══ Given information ══

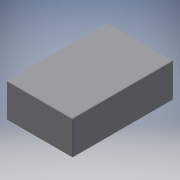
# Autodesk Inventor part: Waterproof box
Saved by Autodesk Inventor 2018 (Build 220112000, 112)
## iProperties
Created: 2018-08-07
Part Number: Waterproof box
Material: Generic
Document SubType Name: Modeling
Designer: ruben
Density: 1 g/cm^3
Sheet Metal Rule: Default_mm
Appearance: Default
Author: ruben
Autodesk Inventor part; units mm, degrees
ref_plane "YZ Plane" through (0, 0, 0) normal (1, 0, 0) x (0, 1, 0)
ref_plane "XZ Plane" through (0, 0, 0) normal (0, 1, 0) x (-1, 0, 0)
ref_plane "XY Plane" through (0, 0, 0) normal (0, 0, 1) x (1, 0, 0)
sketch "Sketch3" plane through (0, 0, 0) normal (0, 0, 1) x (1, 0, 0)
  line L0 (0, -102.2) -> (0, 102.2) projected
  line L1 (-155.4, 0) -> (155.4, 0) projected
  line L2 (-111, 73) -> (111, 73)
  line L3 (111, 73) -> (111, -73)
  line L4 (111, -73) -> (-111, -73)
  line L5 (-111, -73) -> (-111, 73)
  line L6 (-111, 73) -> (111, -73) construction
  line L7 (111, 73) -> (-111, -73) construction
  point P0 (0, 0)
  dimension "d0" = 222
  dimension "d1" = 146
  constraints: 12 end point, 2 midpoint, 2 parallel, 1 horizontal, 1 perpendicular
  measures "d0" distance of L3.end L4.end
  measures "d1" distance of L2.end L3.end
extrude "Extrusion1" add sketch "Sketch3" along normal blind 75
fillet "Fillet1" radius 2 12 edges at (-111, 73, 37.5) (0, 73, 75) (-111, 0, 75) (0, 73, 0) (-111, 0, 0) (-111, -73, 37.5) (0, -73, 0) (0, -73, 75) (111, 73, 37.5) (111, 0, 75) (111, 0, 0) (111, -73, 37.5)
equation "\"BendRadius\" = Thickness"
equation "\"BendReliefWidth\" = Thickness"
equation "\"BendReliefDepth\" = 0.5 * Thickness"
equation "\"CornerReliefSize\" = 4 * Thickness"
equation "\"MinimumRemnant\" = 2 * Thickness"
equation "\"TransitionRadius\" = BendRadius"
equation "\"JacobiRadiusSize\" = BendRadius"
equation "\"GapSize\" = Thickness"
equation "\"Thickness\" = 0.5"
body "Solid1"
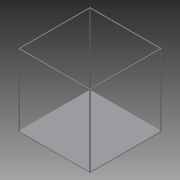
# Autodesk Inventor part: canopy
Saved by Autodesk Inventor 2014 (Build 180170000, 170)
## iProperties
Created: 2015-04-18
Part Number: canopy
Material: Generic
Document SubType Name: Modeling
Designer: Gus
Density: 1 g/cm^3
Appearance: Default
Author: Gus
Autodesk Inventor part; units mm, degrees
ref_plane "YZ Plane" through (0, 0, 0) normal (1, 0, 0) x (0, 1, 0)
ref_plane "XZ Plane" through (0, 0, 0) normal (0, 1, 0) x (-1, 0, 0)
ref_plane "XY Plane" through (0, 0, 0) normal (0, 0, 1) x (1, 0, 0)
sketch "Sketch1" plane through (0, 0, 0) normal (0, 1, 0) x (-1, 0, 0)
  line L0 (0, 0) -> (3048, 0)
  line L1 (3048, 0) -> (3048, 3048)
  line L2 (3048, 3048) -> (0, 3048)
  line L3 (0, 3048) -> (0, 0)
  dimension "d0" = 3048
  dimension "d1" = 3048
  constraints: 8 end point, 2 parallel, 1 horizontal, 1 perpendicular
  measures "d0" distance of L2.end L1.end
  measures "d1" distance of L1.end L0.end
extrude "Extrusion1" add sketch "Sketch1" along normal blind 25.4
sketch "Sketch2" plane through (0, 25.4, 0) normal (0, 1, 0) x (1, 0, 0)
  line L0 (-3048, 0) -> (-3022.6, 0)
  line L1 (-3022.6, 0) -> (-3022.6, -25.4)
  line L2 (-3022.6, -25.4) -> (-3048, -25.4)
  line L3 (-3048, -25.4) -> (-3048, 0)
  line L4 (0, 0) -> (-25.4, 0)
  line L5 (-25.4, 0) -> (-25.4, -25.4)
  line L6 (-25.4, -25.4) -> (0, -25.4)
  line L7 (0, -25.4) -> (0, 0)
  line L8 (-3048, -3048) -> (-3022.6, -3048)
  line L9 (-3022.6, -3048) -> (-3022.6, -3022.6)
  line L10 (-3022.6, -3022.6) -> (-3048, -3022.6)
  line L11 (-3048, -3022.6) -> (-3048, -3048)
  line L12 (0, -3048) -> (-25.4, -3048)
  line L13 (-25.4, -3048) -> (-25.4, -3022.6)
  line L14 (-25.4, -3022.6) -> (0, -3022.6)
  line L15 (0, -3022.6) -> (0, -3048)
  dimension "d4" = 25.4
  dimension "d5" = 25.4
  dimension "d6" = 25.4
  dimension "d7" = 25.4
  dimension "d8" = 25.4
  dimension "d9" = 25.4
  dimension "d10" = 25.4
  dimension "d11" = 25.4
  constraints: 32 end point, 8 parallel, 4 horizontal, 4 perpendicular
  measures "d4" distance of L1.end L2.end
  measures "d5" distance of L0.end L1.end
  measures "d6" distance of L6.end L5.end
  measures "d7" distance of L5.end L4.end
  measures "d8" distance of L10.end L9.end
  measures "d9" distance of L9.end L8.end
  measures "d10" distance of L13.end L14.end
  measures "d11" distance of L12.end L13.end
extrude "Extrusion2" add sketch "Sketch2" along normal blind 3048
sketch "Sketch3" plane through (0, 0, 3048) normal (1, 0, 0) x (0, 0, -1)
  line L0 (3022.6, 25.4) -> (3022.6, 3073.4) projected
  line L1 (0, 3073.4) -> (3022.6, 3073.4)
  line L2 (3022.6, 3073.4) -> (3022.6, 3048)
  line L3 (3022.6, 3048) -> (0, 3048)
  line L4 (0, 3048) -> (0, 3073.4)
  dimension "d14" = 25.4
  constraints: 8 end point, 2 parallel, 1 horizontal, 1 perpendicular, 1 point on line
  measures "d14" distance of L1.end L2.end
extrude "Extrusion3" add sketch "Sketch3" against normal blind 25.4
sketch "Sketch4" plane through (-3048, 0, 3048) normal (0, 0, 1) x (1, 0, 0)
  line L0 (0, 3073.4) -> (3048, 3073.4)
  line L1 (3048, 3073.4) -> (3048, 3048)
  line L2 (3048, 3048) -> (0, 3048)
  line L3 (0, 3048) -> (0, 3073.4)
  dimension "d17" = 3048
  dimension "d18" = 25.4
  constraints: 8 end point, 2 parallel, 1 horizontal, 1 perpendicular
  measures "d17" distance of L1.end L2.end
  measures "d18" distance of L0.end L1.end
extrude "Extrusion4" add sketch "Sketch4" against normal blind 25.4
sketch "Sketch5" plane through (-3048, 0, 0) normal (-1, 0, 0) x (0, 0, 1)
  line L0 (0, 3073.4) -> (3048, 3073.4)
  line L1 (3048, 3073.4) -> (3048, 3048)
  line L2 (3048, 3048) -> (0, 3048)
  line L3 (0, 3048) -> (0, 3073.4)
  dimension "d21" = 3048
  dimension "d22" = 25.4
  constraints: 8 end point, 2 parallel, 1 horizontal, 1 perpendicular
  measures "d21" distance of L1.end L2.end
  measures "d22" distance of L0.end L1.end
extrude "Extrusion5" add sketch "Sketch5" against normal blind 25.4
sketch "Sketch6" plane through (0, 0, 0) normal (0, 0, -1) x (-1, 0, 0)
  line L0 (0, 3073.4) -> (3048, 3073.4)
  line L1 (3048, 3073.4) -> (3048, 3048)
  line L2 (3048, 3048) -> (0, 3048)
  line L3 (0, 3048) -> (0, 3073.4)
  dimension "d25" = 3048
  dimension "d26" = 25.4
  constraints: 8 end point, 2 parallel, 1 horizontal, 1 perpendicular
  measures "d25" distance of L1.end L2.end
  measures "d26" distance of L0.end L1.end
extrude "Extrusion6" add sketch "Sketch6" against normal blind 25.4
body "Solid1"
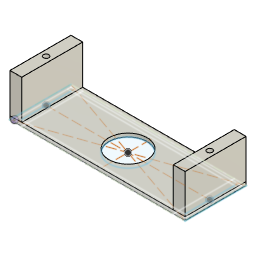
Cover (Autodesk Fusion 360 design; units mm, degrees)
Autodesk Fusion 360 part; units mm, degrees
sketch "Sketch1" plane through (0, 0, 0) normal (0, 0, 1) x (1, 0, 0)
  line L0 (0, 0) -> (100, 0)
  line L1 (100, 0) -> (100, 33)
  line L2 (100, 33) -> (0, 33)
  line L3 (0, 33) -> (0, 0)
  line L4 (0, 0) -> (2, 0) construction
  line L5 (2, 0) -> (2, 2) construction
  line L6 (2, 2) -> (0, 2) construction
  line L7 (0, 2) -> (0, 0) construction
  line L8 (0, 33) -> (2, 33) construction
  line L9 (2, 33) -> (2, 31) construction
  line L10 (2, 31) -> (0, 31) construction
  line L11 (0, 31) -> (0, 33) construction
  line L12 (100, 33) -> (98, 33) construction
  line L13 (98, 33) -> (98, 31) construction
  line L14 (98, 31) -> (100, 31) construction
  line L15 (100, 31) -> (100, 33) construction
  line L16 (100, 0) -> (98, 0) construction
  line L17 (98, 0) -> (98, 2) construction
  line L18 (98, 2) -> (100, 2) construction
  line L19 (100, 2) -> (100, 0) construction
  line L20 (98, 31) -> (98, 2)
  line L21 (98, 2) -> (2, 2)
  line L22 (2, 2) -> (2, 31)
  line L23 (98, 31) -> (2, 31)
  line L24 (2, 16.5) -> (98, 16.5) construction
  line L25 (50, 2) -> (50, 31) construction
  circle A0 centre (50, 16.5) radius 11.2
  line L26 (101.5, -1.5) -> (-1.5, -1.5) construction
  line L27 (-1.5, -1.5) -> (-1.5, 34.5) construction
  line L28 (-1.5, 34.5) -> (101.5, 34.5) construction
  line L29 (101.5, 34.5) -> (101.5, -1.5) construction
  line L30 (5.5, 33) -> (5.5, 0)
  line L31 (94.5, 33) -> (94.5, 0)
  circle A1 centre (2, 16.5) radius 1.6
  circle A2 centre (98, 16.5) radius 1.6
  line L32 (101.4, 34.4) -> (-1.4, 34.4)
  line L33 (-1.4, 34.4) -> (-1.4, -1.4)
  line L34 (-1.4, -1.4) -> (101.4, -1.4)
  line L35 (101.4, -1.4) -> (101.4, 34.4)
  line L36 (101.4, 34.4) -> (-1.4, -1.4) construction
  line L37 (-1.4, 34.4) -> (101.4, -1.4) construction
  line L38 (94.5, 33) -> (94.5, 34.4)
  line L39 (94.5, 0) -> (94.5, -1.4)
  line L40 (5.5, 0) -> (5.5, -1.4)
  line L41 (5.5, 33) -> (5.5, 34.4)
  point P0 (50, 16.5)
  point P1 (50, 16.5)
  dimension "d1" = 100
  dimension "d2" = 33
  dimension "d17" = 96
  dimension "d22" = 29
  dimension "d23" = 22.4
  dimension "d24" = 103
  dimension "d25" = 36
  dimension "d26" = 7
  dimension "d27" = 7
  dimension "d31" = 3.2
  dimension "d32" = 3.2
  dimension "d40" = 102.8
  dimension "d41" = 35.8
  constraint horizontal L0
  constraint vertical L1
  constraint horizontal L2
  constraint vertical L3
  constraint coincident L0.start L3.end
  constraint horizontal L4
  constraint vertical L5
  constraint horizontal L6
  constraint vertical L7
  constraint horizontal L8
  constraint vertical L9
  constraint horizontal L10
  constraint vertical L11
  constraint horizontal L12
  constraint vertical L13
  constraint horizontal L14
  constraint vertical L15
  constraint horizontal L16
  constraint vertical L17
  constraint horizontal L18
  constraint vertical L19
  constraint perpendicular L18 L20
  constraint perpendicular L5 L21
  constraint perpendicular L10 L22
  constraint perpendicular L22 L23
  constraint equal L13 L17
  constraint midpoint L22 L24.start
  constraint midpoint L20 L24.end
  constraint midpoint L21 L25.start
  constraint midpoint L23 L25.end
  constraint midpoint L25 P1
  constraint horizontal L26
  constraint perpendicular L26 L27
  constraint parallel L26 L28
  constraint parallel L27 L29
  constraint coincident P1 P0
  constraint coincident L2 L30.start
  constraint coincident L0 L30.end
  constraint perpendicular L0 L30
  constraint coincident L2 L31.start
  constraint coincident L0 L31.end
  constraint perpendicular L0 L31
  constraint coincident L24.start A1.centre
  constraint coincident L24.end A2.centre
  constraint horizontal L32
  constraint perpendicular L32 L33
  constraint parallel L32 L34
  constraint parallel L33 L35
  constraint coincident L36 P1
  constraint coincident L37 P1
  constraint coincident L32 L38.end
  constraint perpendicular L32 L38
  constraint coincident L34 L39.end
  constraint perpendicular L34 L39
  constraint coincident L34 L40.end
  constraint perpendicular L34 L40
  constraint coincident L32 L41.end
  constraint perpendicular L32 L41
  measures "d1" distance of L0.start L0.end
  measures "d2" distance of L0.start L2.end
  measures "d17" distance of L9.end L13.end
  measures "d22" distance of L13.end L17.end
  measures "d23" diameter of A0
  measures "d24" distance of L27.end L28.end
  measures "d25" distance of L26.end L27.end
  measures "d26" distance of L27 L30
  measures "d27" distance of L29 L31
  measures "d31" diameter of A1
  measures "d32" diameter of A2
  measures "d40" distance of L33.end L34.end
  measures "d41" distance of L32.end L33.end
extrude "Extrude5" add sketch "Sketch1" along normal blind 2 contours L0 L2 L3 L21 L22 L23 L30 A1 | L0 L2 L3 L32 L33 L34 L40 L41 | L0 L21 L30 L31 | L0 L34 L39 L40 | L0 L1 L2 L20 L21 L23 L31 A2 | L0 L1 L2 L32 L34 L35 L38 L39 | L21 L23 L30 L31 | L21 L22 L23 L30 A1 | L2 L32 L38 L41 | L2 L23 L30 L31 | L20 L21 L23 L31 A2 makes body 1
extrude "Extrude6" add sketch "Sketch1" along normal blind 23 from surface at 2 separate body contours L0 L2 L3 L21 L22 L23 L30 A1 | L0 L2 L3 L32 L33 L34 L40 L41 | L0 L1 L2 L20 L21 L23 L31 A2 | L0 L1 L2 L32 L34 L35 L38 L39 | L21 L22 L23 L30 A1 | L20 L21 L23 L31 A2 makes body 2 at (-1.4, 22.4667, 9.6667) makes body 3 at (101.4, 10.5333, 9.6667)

═══

How to complete this task. Work through the records line by line and tally those holding "Autodesk". Reply with the number alone.

Output of the task. 8